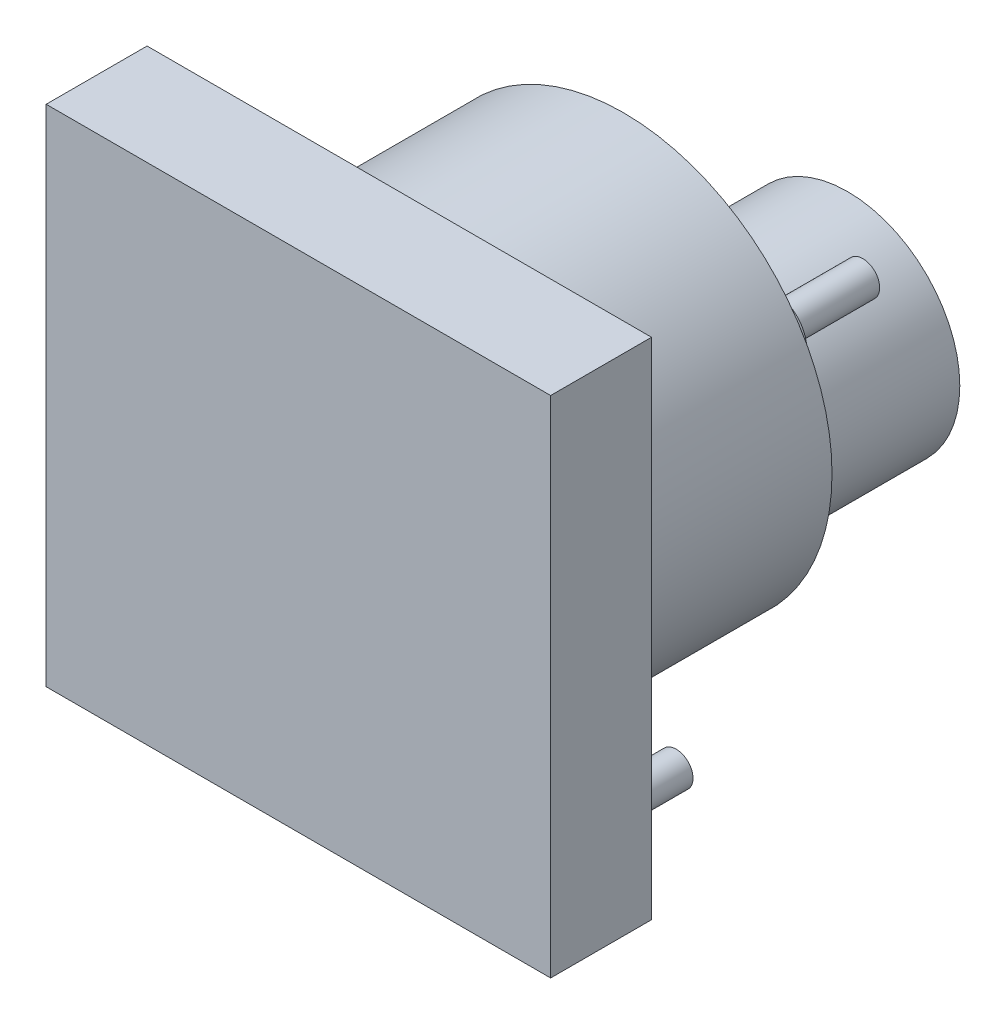
ISO-10303-21;
HEADER;
FILE_DESCRIPTION(('STEP AP214'),'2;1');
FILE_NAME('part.step','',(''),(''),'','','');
FILE_SCHEMA(('AUTOMOTIVE_DESIGN { 1 0 10303 214 1 1 1 1 }'));
ENDSEC;
DATA;
#1=APPLICATION_CONTEXT('core data for automotive mechanical design processes');
#2=APPLICATION_PROTOCOL_DEFINITION('international standard','automotive_design',2000,#1);
#3=PRODUCT_CONTEXT('',#1,'mechanical');
#4=PRODUCT('Part','Part','',(#3));
#5=PRODUCT_RELATED_PRODUCT_CATEGORY('part','',(#4));
#6=PRODUCT_DEFINITION_FORMATION('','',#4);
#7=PRODUCT_DEFINITION_CONTEXT('part definition',#1,'design');
#8=PRODUCT_DEFINITION('design','',#6,#7);
#9=PRODUCT_DEFINITION_SHAPE('','',#8);
#10=(LENGTH_UNIT() NAMED_UNIT(*) SI_UNIT(.MILLI.,.METRE.));
#11=(NAMED_UNIT(*) PLANE_ANGLE_UNIT() SI_UNIT($,.RADIAN.));
#12=(NAMED_UNIT(*) SI_UNIT($,.STERADIAN.) SOLID_ANGLE_UNIT());
#13=UNCERTAINTY_MEASURE_WITH_UNIT(LENGTH_MEASURE(1.E-05),#10,'distance_accuracy_value','');
#14=(GEOMETRIC_REPRESENTATION_CONTEXT(3) GLOBAL_UNCERTAINTY_ASSIGNED_CONTEXT((#13)) GLOBAL_UNIT_ASSIGNED_CONTEXT((#10,
#11,#12)) REPRESENTATION_CONTEXT('',''));
#15=CARTESIAN_POINT('',(0.,0.,0.));
#16=DIRECTION('',(0.,0.,1.));
#17=DIRECTION('',(1.,0.,0.));
#18=AXIS2_PLACEMENT_3D('',#15,#16,#17);
#19=CARTESIAN_POINT('',(0.,0.,-9.));
#20=DIRECTION('',(-1.,0.,0.));
#21=DIRECTION('',(0.,0.,1.));
#22=AXIS2_PLACEMENT_3D('',#19,#20,#21);
#23=PLANE('',#22);
#24=DIRECTION('',(0.,-1.,0.));
#25=VECTOR('',#24,1.);
#26=CARTESIAN_POINT('',(0.,0.,0.));
#27=LINE('',#26,#25);
#28=CARTESIAN_POINT('',(0.,45.,0.));
#29=VERTEX_POINT('',#28);
#30=CARTESIAN_POINT('',(0.,0.,0.));
#31=VERTEX_POINT('',#30);
#32=EDGE_CURVE('E103',#29,#31,#27,.T.);
#33=ORIENTED_EDGE('',*,*,#32,.F.);
#34=DIRECTION('',(0.,0.,1.));
#35=VECTOR('',#34,1.);
#36=CARTESIAN_POINT('',(0.,45.,-9.));
#37=LINE('',#36,#35);
#38=CARTESIAN_POINT('',(0.,45.,-9.));
#39=VERTEX_POINT('',#38);
#40=EDGE_CURVE('E53',#39,#29,#37,.T.);
#41=ORIENTED_EDGE('',*,*,#40,.F.);
#42=DIRECTION('',(0.,-1.,0.));
#43=VECTOR('',#42,1.);
#44=CARTESIAN_POINT('',(0.,0.,-9.));
#45=LINE('',#44,#43);
#46=CARTESIAN_POINT('',(0.,0.,-9.));
#47=VERTEX_POINT('',#46);
#48=EDGE_CURVE('E96',#39,#47,#45,.T.);
#49=ORIENTED_EDGE('',*,*,#48,.T.);
#50=DIRECTION('',(0.,0.,1.));
#51=VECTOR('',#50,1.);
#52=CARTESIAN_POINT('',(0.,0.,-9.));
#53=LINE('',#52,#51);
#54=EDGE_CURVE('E38',#47,#31,#53,.T.);
#55=ORIENTED_EDGE('',*,*,#54,.T.);
#56=EDGE_LOOP('',(#33,#41,#49,#55));
#57=FACE_BOUND('',#56,.T.);
#58=ADVANCED_FACE('F35',(#57),#23,.T.);
#59=CARTESIAN_POINT('',(0.,45.,-9.));
#60=DIRECTION('',(0.,1.,0.));
#61=DIRECTION('',(0.,0.,1.));
#62=AXIS2_PLACEMENT_3D('',#59,#60,#61);
#63=PLANE('',#62);
#64=DIRECTION('',(-1.,0.,0.));
#65=VECTOR('',#64,1.);
#66=CARTESIAN_POINT('',(0.,45.,0.));
#67=LINE('',#66,#65);
#68=CARTESIAN_POINT('',(45.,45.,0.));
#69=VERTEX_POINT('',#68);
#70=EDGE_CURVE('E98',#69,#29,#67,.T.);
#71=ORIENTED_EDGE('',*,*,#70,.F.);
#72=DIRECTION('',(0.,0.,1.));
#73=VECTOR('',#72,1.);
#74=CARTESIAN_POINT('',(45.,45.,-9.));
#75=LINE('',#74,#73);
#76=CARTESIAN_POINT('',(45.,45.,-9.));
#77=VERTEX_POINT('',#76);
#78=EDGE_CURVE('E70',#77,#69,#75,.T.);
#79=ORIENTED_EDGE('',*,*,#78,.F.);
#80=DIRECTION('',(-1.,0.,0.));
#81=VECTOR('',#80,1.);
#82=CARTESIAN_POINT('',(0.,45.,-9.));
#83=LINE('',#82,#81);
#84=EDGE_CURVE('E93',#77,#39,#83,.T.);
#85=ORIENTED_EDGE('',*,*,#84,.T.);
#86=ORIENTED_EDGE('',*,*,#40,.T.);
#87=EDGE_LOOP('',(#71,#79,#85,#86));
#88=FACE_BOUND('',#87,.T.);
#89=ADVANCED_FACE('F191',(#88),#63,.T.);
#90=CARTESIAN_POINT('',(45.,0.,-9.));
#91=DIRECTION('',(1.,0.,0.));
#92=DIRECTION('',(0.,0.,-1.));
#93=AXIS2_PLACEMENT_3D('',#90,#91,#92);
#94=PLANE('',#93);
#95=DIRECTION('',(0.,1.,0.));
#96=VECTOR('',#95,1.);
#97=CARTESIAN_POINT('',(45.,0.,0.));
#98=LINE('',#97,#96);
#99=CARTESIAN_POINT('',(45.,0.,0.));
#100=VERTEX_POINT('',#99);
#101=EDGE_CURVE('E88',#100,#69,#98,.T.);
#102=ORIENTED_EDGE('',*,*,#101,.F.);
#103=DIRECTION('',(0.,0.,1.));
#104=VECTOR('',#103,1.);
#105=CARTESIAN_POINT('',(45.,0.,-9.));
#106=LINE('',#105,#104);
#107=CARTESIAN_POINT('',(45.,0.,-9.));
#108=VERTEX_POINT('',#107);
#109=EDGE_CURVE('E83',#108,#100,#106,.T.);
#110=ORIENTED_EDGE('',*,*,#109,.F.);
#111=DIRECTION('',(0.,1.,0.));
#112=VECTOR('',#111,1.);
#113=CARTESIAN_POINT('',(45.,0.,-9.));
#114=LINE('',#113,#112);
#115=EDGE_CURVE('E86',#108,#77,#114,.T.);
#116=ORIENTED_EDGE('',*,*,#115,.T.);
#117=ORIENTED_EDGE('',*,*,#78,.T.);
#118=EDGE_LOOP('',(#102,#110,#116,#117));
#119=FACE_BOUND('',#118,.T.);
#120=ADVANCED_FACE('F85',(#119),#94,.T.);
#121=CARTESIAN_POINT('',(0.,0.,-9.));
#122=DIRECTION('',(0.,-1.,0.));
#123=DIRECTION('',(0.,0.,-1.));
#124=AXIS2_PLACEMENT_3D('',#121,#122,#123);
#125=PLANE('',#124);
#126=DIRECTION('',(1.,0.,0.));
#127=VECTOR('',#126,1.);
#128=CARTESIAN_POINT('',(0.,0.,0.));
#129=LINE('',#128,#127);
#130=EDGE_CURVE('E106',#31,#100,#129,.T.);
#131=ORIENTED_EDGE('',*,*,#130,.F.);
#132=ORIENTED_EDGE('',*,*,#54,.F.);
#133=DIRECTION('',(1.,0.,0.));
#134=VECTOR('',#133,1.);
#135=CARTESIAN_POINT('',(0.,0.,-9.));
#136=LINE('',#135,#134);
#137=EDGE_CURVE('E92',#47,#108,#136,.T.);
#138=ORIENTED_EDGE('',*,*,#137,.T.);
#139=ORIENTED_EDGE('',*,*,#109,.T.);
#140=EDGE_LOOP('',(#131,#132,#138,#139));
#141=FACE_BOUND('',#140,.T.);
#142=ADVANCED_FACE('F95',(#141),#125,.T.);
#143=CARTESIAN_POINT('',(0.,0.,-9.));
#144=DIRECTION('',(0.,0.,-1.));
#145=DIRECTION('',(-1.,0.,0.));
#146=AXIS2_PLACEMENT_3D('',#143,#144,#145);
#147=PLANE('',#146);
#148=CARTESIAN_POINT('',(5.4,5.18,-9.));
#149=DIRECTION('',(0.,0.,-1.));
#150=DIRECTION('',(-1.,0.,0.));
#151=AXIS2_PLACEMENT_3D('',#148,#149,#150);
#152=CIRCLE('',#151,1.5);
#153=CARTESIAN_POINT('',(6.9,5.18,-9.));
#154=VERTEX_POINT('',#153);
#155=EDGE_CURVE('E153',#154,#154,#152,.T.);
#156=ORIENTED_EDGE('',*,*,#155,.F.);
#157=EDGE_LOOP('',(#156));
#158=FACE_BOUND('',#157,.T.);
#159=CARTESIAN_POINT('',(39.6,5.18,-9.));
#160=DIRECTION('',(0.,0.,-1.));
#161=DIRECTION('',(-1.,0.,0.));
#162=AXIS2_PLACEMENT_3D('',#159,#160,#161);
#163=CIRCLE('',#162,1.5);
#164=CARTESIAN_POINT('',(41.1,5.18,-9.));
#165=VERTEX_POINT('',#164);
#166=EDGE_CURVE('E147',#165,#165,#163,.T.);
#167=ORIENTED_EDGE('',*,*,#166,.F.);
#168=EDGE_LOOP('',(#167));
#169=FACE_BOUND('',#168,.T.);
#170=CARTESIAN_POINT('',(22.5,22.5,-9.));
#171=DIRECTION('',(0.,0.,-1.));
#172=DIRECTION('',(-1.,0.,0.));
#173=AXIS2_PLACEMENT_3D('',#170,#171,#172);
#174=CIRCLE('',#173,18.6);
#175=CARTESIAN_POINT('',(3.9,22.5,-9.));
#176=VERTEX_POINT('',#175);
#177=EDGE_CURVE('E113',#176,#176,#174,.T.);
#178=ORIENTED_EDGE('',*,*,#177,.F.);
#179=EDGE_LOOP('',(#178));
#180=FACE_BOUND('',#179,.T.);
#181=ORIENTED_EDGE('',*,*,#48,.F.);
#182=ORIENTED_EDGE('',*,*,#84,.F.);
#183=ORIENTED_EDGE('',*,*,#115,.F.);
#184=ORIENTED_EDGE('',*,*,#137,.F.);
#185=EDGE_LOOP('',(#181,#182,#183,#184));
#186=FACE_BOUND('',#185,.T.);
#187=ADVANCED_FACE('F91',(#158,#169,#180,#186),#147,.T.);
#188=CARTESIAN_POINT('',(0.,0.,0.));
#189=DIRECTION('',(0.,0.,-1.));
#190=DIRECTION('',(-1.,0.,0.));
#191=AXIS2_PLACEMENT_3D('',#188,#189,#190);
#192=PLANE('',#191);
#193=ORIENTED_EDGE('',*,*,#32,.T.);
#194=ORIENTED_EDGE('',*,*,#130,.T.);
#195=ORIENTED_EDGE('',*,*,#101,.T.);
#196=ORIENTED_EDGE('',*,*,#70,.T.);
#197=EDGE_LOOP('',(#193,#194,#195,#196));
#198=FACE_BOUND('',#197,.T.);
#199=ADVANCED_FACE('F170',(#198),#192,.F.);
#200=CARTESIAN_POINT('',(22.5,22.5,-29.));
#201=DIRECTION('',(0.,0.,1.));
#202=DIRECTION('',(1.,0.,0.));
#203=AXIS2_PLACEMENT_3D('',#200,#201,#202);
#204=CYLINDRICAL_SURFACE('',#203,18.6);
#205=CARTESIAN_POINT('',(22.5,22.5,-29.));
#206=DIRECTION('',(0.,0.,-1.));
#207=DIRECTION('',(-1.,0.,0.));
#208=AXIS2_PLACEMENT_3D('',#205,#206,#207);
#209=CIRCLE('',#208,18.6);
#210=CARTESIAN_POINT('',(3.9,22.5,-29.));
#211=VERTEX_POINT('',#210);
#212=EDGE_CURVE('E107',#211,#211,#209,.T.);
#213=ORIENTED_EDGE('',*,*,#212,.F.);
#214=EDGE_LOOP('',(#213));
#215=FACE_BOUND('',#214,.T.);
#216=ORIENTED_EDGE('',*,*,#177,.T.);
#217=EDGE_LOOP('',(#216));
#218=FACE_BOUND('',#217,.T.);
#219=ADVANCED_FACE('F198',(#215,#218),#204,.T.);
#220=CARTESIAN_POINT('',(22.5,22.5,-29.));
#221=DIRECTION('',(0.,0.,-1.));
#222=DIRECTION('',(-1.,0.,0.));
#223=AXIS2_PLACEMENT_3D('',#220,#221,#222);
#224=PLANE('',#223);
#225=CARTESIAN_POINT('',(22.5,15.,-29.));
#226=DIRECTION('',(0.,0.,-1.));
#227=DIRECTION('',(-1.,0.,0.));
#228=AXIS2_PLACEMENT_3D('',#225,#226,#227);
#229=CIRCLE('',#228,10.);
#230=CARTESIAN_POINT('',(12.5,15.,-29.));
#231=VERTEX_POINT('',#230);
#232=EDGE_CURVE('E141',#231,#231,#229,.T.);
#233=ORIENTED_EDGE('',*,*,#232,.F.);
#234=EDGE_LOOP('',(#233));
#235=FACE_BOUND('',#234,.T.);
#236=CARTESIAN_POINT('',(11.15,29.,-29.));
#237=DIRECTION('',(0.,0.,-1.));
#238=DIRECTION('',(-1.,0.,0.));
#239=AXIS2_PLACEMENT_3D('',#236,#237,#238);
#240=CIRCLE('',#239,3.);
#241=CARTESIAN_POINT('',(8.15,29.,-29.));
#242=VERTEX_POINT('',#241);
#243=EDGE_CURVE('E129',#242,#242,#240,.T.);
#244=ORIENTED_EDGE('',*,*,#243,.F.);
#245=EDGE_LOOP('',(#244));
#246=FACE_BOUND('',#245,.T.);
#247=CARTESIAN_POINT('',(33.85,29.,-29.));
#248=DIRECTION('',(0.,0.,-1.));
#249=DIRECTION('',(-1.,0.,0.));
#250=AXIS2_PLACEMENT_3D('',#247,#248,#249);
#251=CIRCLE('',#250,3.);
#252=CARTESIAN_POINT('',(30.85,29.,-29.));
#253=VERTEX_POINT('',#252);
#254=EDGE_CURVE('E123',#253,#253,#251,.T.);
#255=ORIENTED_EDGE('',*,*,#254,.F.);
#256=EDGE_LOOP('',(#255));
#257=FACE_BOUND('',#256,.T.);
#258=ORIENTED_EDGE('',*,*,#212,.T.);
#259=EDGE_LOOP('',(#258));
#260=FACE_BOUND('',#259,.T.);
#261=ADVANCED_FACE('F203',(#235,#246,#257,#260),#224,.T.);
#262=CARTESIAN_POINT('',(33.85,29.,-31.));
#263=DIRECTION('',(0.,0.,1.));
#264=DIRECTION('',(1.,0.,0.));
#265=AXIS2_PLACEMENT_3D('',#262,#263,#264);
#266=CYLINDRICAL_SURFACE('',#265,3.);
#267=CARTESIAN_POINT('',(33.85,29.,-31.));
#268=DIRECTION('',(0.,0.,-1.));
#269=DIRECTION('',(-1.,0.,0.));
#270=AXIS2_PLACEMENT_3D('',#267,#268,#269);
#271=CIRCLE('',#270,3.);
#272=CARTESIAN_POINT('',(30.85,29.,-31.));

# Task brief
Given the data above, transcribe exactly the lines from the one containing "#146=AXIS2_PLACEMENT_3D('',#143,#144,#145);" down to the one containing "#189=DIRECTION('',(0.,0.,-1.));", and no others.

# Solution
#146=AXIS2_PLACEMENT_3D('',#143,#144,#145);
#147=PLANE('',#146);
#148=CARTESIAN_POINT('',(5.4,5.18,-9.));
#149=DIRECTION('',(0.,0.,-1.));
#150=DIRECTION('',(-1.,0.,0.));
#151=AXIS2_PLACEMENT_3D('',#148,#149,#150);
#152=CIRCLE('',#151,1.5);
#153=CARTESIAN_POINT('',(6.9,5.18,-9.));
#154=VERTEX_POINT('',#153);
#155=EDGE_CURVE('E153',#154,#154,#152,.T.);
#156=ORIENTED_EDGE('',*,*,#155,.F.);
#157=EDGE_LOOP('',(#156));
#158=FACE_BOUND('',#157,.T.);
#159=CARTESIAN_POINT('',(39.6,5.18,-9.));
#160=DIRECTION('',(0.,0.,-1.));
#161=DIRECTION('',(-1.,0.,0.));
#162=AXIS2_PLACEMENT_3D('',#159,#160,#161);
#163=CIRCLE('',#162,1.5);
#164=CARTESIAN_POINT('',(41.1,5.18,-9.));
#165=VERTEX_POINT('',#164);
#166=EDGE_CURVE('E147',#165,#165,#163,.T.);
#167=ORIENTED_EDGE('',*,*,#166,.F.);
#168=EDGE_LOOP('',(#167));
#169=FACE_BOUND('',#168,.T.);
#170=CARTESIAN_POINT('',(22.5,22.5,-9.));
#171=DIRECTION('',(0.,0.,-1.));
#172=DIRECTION('',(-1.,0.,0.));
#173=AXIS2_PLACEMENT_3D('',#170,#171,#172);
#174=CIRCLE('',#173,18.6);
#175=CARTESIAN_POINT('',(3.9,22.5,-9.));
#176=VERTEX_POINT('',#175);
#177=EDGE_CURVE('E113',#176,#176,#174,.T.);
#178=ORIENTED_EDGE('',*,*,#177,.F.);
#179=EDGE_LOOP('',(#178));
#180=FACE_BOUND('',#179,.T.);
#181=ORIENTED_EDGE('',*,*,#48,.F.);
#182=ORIENTED_EDGE('',*,*,#84,.F.);
#183=ORIENTED_EDGE('',*,*,#115,.F.);
#184=ORIENTED_EDGE('',*,*,#137,.F.);
#185=EDGE_LOOP('',(#181,#182,#183,#184));
#186=FACE_BOUND('',#185,.T.);
#187=ADVANCED_FACE('F91',(#158,#169,#180,#186),#147,.T.);
#188=CARTESIAN_POINT('',(0.,0.,0.));
#189=DIRECTION('',(0.,0.,-1.));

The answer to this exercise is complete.